DNA Fiber Stretching Assay
The DNA fiber stretching assay was performed as described previously (67). Twenty minutes of sequential labeling pulses of CIdU (red) and IdU (green) in TIIP, H520, and HEK293-A3B cell lines were subjected to DNA fiber stretching analysis.
EdU Incorporation Assay
The Click-iT Plus EdU Alexa Fluor 647 Flow Cytometry Assay Kit (Thermo Fisher Scientific) was used. Cells were supplemented with 10 μmol/L EdU for 30 minutes after which they were processed according to the manufacturer's instructions.
ImageStream FISH
Cells were exposed for 24 hours to vehicle or 0.2 μmol/L aphidicolin (Sigma-Aldrich), after which they were processed as described elsewhere (50). Briefly, 1.5 million cells were hybridized with chromosome 15 satellite enumeration probe (LPE015G, Cytocell) prior to analysis on an ImageStream X Mk II (Amnis).
Senescence-Associated β-Galactosidase Assay (Chromogenic Assay)

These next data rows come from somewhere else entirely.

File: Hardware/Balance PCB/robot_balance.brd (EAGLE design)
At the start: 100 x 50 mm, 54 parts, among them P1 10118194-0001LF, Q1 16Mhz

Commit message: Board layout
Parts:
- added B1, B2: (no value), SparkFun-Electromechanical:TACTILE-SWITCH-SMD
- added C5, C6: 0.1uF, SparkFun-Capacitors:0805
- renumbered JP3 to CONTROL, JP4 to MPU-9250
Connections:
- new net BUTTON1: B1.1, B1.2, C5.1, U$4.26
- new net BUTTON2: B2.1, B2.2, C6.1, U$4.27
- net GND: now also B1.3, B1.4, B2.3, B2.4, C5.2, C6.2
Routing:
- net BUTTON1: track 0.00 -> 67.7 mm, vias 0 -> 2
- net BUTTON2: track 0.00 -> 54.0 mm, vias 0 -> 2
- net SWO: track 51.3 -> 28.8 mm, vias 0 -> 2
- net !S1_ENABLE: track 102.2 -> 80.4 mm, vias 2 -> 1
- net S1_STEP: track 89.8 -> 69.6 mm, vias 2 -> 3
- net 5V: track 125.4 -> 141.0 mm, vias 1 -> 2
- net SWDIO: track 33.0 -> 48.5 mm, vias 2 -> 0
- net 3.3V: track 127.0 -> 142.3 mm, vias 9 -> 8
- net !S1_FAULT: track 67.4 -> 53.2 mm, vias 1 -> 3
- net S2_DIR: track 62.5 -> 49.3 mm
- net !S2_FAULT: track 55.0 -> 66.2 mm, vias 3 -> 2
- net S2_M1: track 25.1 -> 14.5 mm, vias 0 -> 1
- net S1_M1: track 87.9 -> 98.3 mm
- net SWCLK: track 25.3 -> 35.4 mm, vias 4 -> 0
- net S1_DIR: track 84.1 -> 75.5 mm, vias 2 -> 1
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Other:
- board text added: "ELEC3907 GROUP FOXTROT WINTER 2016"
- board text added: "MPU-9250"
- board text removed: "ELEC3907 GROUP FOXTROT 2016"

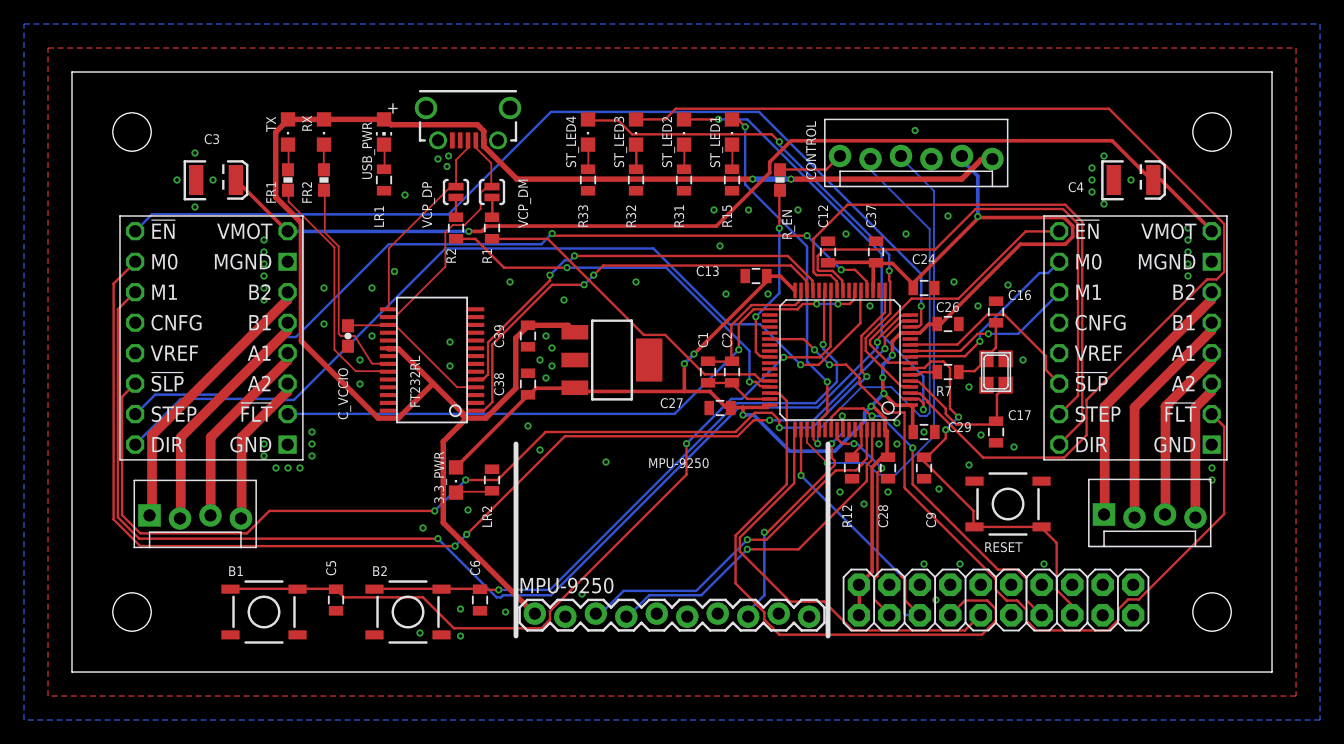
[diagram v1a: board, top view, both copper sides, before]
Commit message: Merged stepper and MPU projects
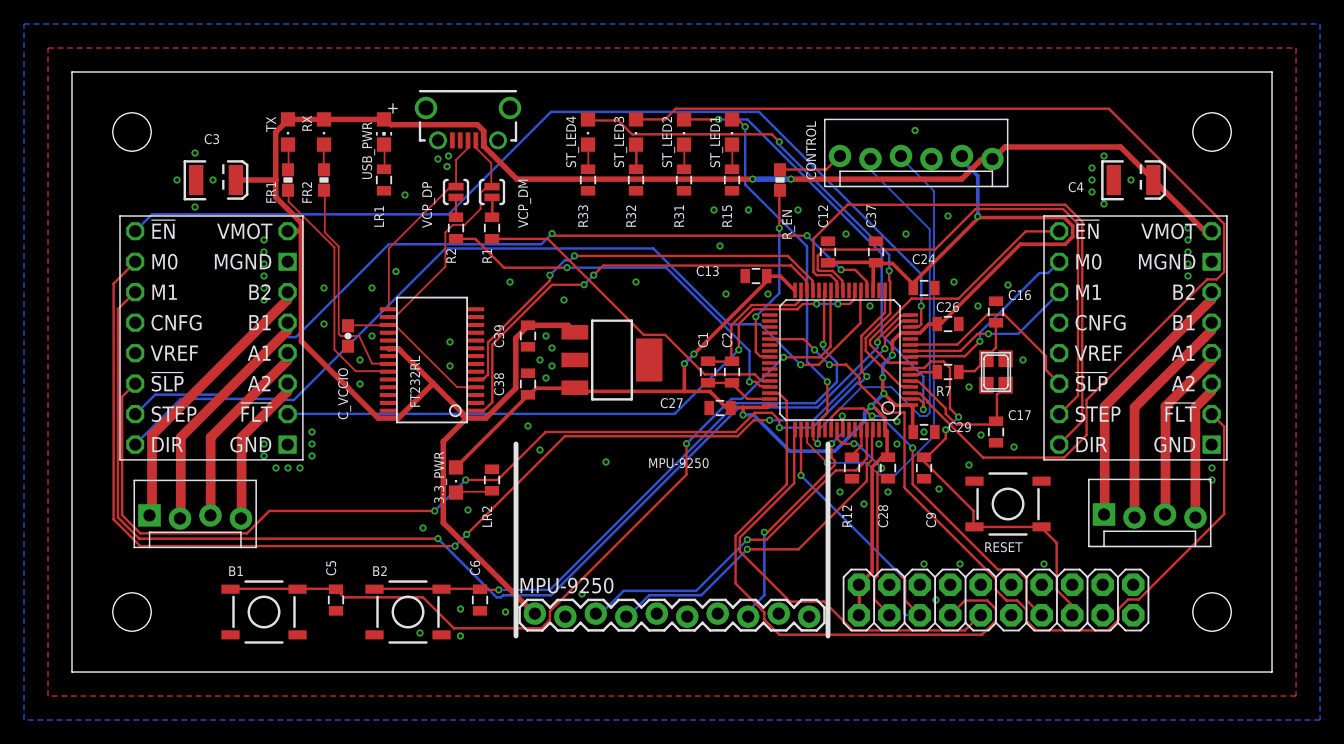
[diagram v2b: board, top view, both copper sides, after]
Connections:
- removed net V_USB: C3.A, C4.A, U$1.16, U$3.16
- net 5V: now also C3.A, C4.A, U$1.16, U$3.16
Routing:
- net V_USB: track 89.9 -> 0.00 mm, vias 1 -> 0
- net 5V: track 141.0 -> 167.1 mm

Senescence within cell culture was detected using the SA-β-gal assay (Sigma-Aldrich) as described elsewhere (70).
Recombinant DNA
Senescence reporter cell lines were created using the miR146a-EGFP plasmid (kind gift from S. Elledge, Harvard University; ref. 42). The pSpCas9(BB)-2A-GFP (PX458, Addgene plasmid #48138) plasmid was used for the generation of KO cell lines (kind gift from F. Zhang, MIT).
High-Throughput Imaging of DNA-Repair Foci and Micronuclei
Cells were seeded, treated, fixed, and stained in a black and clear bottom 96-well plate (Greiner μClear 655090). The antibody-stained cells were imaged on a PerkinElmer Opera Phenix using a water immersion 63x lens to capture confocal stacks of 7 planes. The images were projected and analyzed using the associated Phenix software, Harmony. For these high-throughput imaging experiments, all values above and below the median of the WT vehicle condition are shown as red and blue dots, respectively.
Analysis of Gene Expression in Cancer Progression Data Sets
Cross-platform gene-expression profiles from different stages of cancer development were compiled from Gene Expression Omnibus for breast tissue (GSE16873, N = 40 samples from 12 patients; GSE21422, N = 19 samples; GSE47462, N = 72 samples from 25 patients) and lung tissue (GSE52248, N = 18; Mascaux and colleagues, ref. 34/GSE33479, N = 122 samples from 77 patients) and Chen and colleagues (25). Differential gene expression in developmental stages relative to normal/healthy tissue was determined for each gene in the expression data set, using linear mixed-effects model with patient as random effect. Fixed effects were applied only for Mascaux and colleagues (GSE33479), as reported previously (34). P values were adjusted for multiple testing across all genes in each expression profile (FDR).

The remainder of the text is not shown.